According to Table 4 and Figure 9, we can find that the number of various entities in the MPD Dataset are limited, mainly due to the fact that the MPD Dataset used in this paper is built manually, mainly coming from some drilling data and Internet data, and some types of entities are indeed relatively small in number, such as NOS and RMD, etc. The collected content is currently relatively small, and future improvements to the database will also be considered.

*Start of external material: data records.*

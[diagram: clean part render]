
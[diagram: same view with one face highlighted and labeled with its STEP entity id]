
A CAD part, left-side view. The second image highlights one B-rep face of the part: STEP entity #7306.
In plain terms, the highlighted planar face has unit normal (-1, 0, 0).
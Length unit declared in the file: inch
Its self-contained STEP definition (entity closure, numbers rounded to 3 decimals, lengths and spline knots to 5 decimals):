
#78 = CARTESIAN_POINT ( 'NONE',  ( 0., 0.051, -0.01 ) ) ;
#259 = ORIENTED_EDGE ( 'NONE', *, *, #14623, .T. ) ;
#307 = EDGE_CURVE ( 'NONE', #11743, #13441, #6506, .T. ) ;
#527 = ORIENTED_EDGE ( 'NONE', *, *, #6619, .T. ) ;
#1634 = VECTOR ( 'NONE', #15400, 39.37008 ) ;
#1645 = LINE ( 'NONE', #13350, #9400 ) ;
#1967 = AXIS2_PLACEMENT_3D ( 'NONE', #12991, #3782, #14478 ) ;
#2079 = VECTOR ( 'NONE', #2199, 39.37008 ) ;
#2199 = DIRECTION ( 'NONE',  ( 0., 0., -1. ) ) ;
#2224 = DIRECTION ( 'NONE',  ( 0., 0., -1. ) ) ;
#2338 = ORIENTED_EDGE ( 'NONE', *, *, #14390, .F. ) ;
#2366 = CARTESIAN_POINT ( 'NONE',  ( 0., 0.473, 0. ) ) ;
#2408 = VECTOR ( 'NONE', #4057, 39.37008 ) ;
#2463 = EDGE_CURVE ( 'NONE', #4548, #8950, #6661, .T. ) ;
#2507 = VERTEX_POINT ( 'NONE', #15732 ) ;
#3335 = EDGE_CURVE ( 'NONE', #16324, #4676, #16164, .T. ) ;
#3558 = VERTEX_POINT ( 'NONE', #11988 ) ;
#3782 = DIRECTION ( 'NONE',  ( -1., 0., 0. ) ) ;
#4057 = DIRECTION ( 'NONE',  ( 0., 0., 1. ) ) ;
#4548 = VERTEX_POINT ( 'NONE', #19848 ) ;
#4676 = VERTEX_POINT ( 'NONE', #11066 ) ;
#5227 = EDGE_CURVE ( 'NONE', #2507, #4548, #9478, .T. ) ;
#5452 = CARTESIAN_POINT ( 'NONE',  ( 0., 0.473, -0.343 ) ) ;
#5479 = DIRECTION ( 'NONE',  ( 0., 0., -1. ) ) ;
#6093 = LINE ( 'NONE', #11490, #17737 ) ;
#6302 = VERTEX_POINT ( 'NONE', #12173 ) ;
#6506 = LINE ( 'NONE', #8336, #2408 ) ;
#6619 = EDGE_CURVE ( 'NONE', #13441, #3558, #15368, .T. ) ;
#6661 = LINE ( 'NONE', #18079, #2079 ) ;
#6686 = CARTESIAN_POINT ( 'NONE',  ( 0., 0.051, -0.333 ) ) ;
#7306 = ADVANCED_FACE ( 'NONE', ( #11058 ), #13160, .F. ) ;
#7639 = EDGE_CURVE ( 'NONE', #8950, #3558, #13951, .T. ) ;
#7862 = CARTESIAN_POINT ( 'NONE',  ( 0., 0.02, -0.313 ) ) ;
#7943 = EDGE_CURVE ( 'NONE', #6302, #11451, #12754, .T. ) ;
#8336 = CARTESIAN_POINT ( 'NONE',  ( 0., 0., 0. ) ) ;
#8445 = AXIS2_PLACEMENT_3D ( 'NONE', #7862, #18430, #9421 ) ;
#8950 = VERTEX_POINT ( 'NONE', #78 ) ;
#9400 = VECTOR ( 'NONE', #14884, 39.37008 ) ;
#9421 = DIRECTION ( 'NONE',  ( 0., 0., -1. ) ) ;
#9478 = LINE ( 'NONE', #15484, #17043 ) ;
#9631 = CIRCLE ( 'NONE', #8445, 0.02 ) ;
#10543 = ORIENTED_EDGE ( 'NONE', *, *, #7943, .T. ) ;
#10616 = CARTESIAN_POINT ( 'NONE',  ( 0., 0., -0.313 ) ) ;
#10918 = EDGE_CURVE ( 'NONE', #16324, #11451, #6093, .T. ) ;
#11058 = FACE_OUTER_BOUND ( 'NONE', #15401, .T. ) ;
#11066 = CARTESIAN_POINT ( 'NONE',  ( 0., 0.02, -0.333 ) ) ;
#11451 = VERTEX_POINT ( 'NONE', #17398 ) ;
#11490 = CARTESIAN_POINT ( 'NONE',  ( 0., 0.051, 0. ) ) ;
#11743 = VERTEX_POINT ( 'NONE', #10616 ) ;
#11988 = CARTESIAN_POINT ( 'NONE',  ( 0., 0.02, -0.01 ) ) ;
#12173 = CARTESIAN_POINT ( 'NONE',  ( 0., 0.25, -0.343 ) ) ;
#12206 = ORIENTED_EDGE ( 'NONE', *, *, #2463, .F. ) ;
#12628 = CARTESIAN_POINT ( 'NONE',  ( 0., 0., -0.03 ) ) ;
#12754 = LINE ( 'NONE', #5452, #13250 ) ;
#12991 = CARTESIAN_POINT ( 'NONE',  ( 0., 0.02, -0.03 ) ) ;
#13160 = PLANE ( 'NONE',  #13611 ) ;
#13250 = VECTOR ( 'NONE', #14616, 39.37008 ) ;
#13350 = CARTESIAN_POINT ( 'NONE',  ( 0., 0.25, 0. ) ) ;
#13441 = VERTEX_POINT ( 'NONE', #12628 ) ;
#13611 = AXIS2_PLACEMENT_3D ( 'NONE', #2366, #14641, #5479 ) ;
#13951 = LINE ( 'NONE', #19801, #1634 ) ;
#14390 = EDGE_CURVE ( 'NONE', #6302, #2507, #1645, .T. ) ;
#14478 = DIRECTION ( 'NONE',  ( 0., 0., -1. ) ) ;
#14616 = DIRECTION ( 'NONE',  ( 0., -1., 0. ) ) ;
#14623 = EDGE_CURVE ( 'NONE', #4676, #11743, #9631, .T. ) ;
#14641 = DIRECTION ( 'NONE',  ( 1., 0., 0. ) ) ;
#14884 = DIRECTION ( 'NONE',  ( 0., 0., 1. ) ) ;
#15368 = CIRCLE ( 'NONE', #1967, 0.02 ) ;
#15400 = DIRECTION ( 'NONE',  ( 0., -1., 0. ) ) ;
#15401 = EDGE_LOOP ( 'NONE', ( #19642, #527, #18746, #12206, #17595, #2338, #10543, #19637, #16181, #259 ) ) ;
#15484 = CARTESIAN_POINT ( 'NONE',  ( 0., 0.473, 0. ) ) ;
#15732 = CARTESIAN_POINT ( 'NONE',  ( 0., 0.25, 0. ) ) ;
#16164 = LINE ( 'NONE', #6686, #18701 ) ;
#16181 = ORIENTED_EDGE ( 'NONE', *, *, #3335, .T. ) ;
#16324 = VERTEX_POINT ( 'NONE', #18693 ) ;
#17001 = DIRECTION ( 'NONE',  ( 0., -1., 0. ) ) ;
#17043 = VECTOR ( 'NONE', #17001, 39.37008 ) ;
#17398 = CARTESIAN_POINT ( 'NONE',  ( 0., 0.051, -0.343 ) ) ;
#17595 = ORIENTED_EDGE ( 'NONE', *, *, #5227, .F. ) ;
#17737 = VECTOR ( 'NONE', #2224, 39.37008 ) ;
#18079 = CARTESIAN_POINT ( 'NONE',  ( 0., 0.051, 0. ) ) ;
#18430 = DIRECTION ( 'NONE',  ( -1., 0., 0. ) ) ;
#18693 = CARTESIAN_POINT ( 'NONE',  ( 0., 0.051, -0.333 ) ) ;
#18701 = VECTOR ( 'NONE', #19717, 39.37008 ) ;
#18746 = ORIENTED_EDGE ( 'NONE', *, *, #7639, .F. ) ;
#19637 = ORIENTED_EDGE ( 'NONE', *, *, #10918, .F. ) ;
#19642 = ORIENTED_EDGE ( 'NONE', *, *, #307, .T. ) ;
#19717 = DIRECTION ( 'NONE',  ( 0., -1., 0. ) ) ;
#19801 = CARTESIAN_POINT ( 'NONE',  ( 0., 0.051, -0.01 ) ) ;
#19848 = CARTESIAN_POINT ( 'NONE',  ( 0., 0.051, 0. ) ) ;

Figure 9 shows the F-1 values for different types of entities. It can be observed that there is a significant difference in F-1 values among different entities, and some entities have very low F-1 values. Through analysis, we believe that there are two main reasons.

(1)

The number of entities of this type in the training set is too small, and the number of occurrences is too small to achieve good training results. For example, DAM, DFT, DLM, etc.

(2)

This type of entity is generally longer and has poor training effectiveness. For example, ROC, POC, etc. For example, the ROC-type entity” 井内泥浆静止时间过长, 触变性很大, 下钻时又不分段循环, 破坏泥浆的结构”, which means“ The mud in the well is stationary for too long and thixotropic, and is not circulated in sections when drilling, which destroys the structure of the mud”.

4. Conclusions

MPD is the most effective means to ensure safe drilling, and MPD can avoid further deterioration of complex conditions through fine control of wellhead back pressure. The key to successful MPD is the control strategy, but the current well control strategy relies strongly on manual experience, which hinders the automation and intelligence of well control. To address this problem, this paper constructs an MPD knowledge graph, which extracts knowledge from published papers and drilling reports to guide well control. To improve the performance of entity extraction in this knowledge graph, this paper extends the EntLM model to a few-shot Chinese entity recognition model CEntLM-KL and constructs KL entropy to enhance the entity recognition accuracy. By experimenting on the standard dataset, it is shown that the method proposed in this paper has significantly improved compared with the SOTA method, and the entity recognition F-1 value reaches 33% on the drill-down dataset with small samples. Finally, this paper stores the knowledge graph into Neo4J and performs knowledge inference applications. Due to the manual construction of the domain database used in this article, the data source and volume still need to be improved. In the future, we will consider improving the MPD dataset. At present, the source of MPD knowledge is mainly the Internet and CNKI related literature as well as relevant owned MPD data, and the fusion of knowledge graph has not been considered. Our next step will be to consider fusing of the relevant knowledge of known graphs.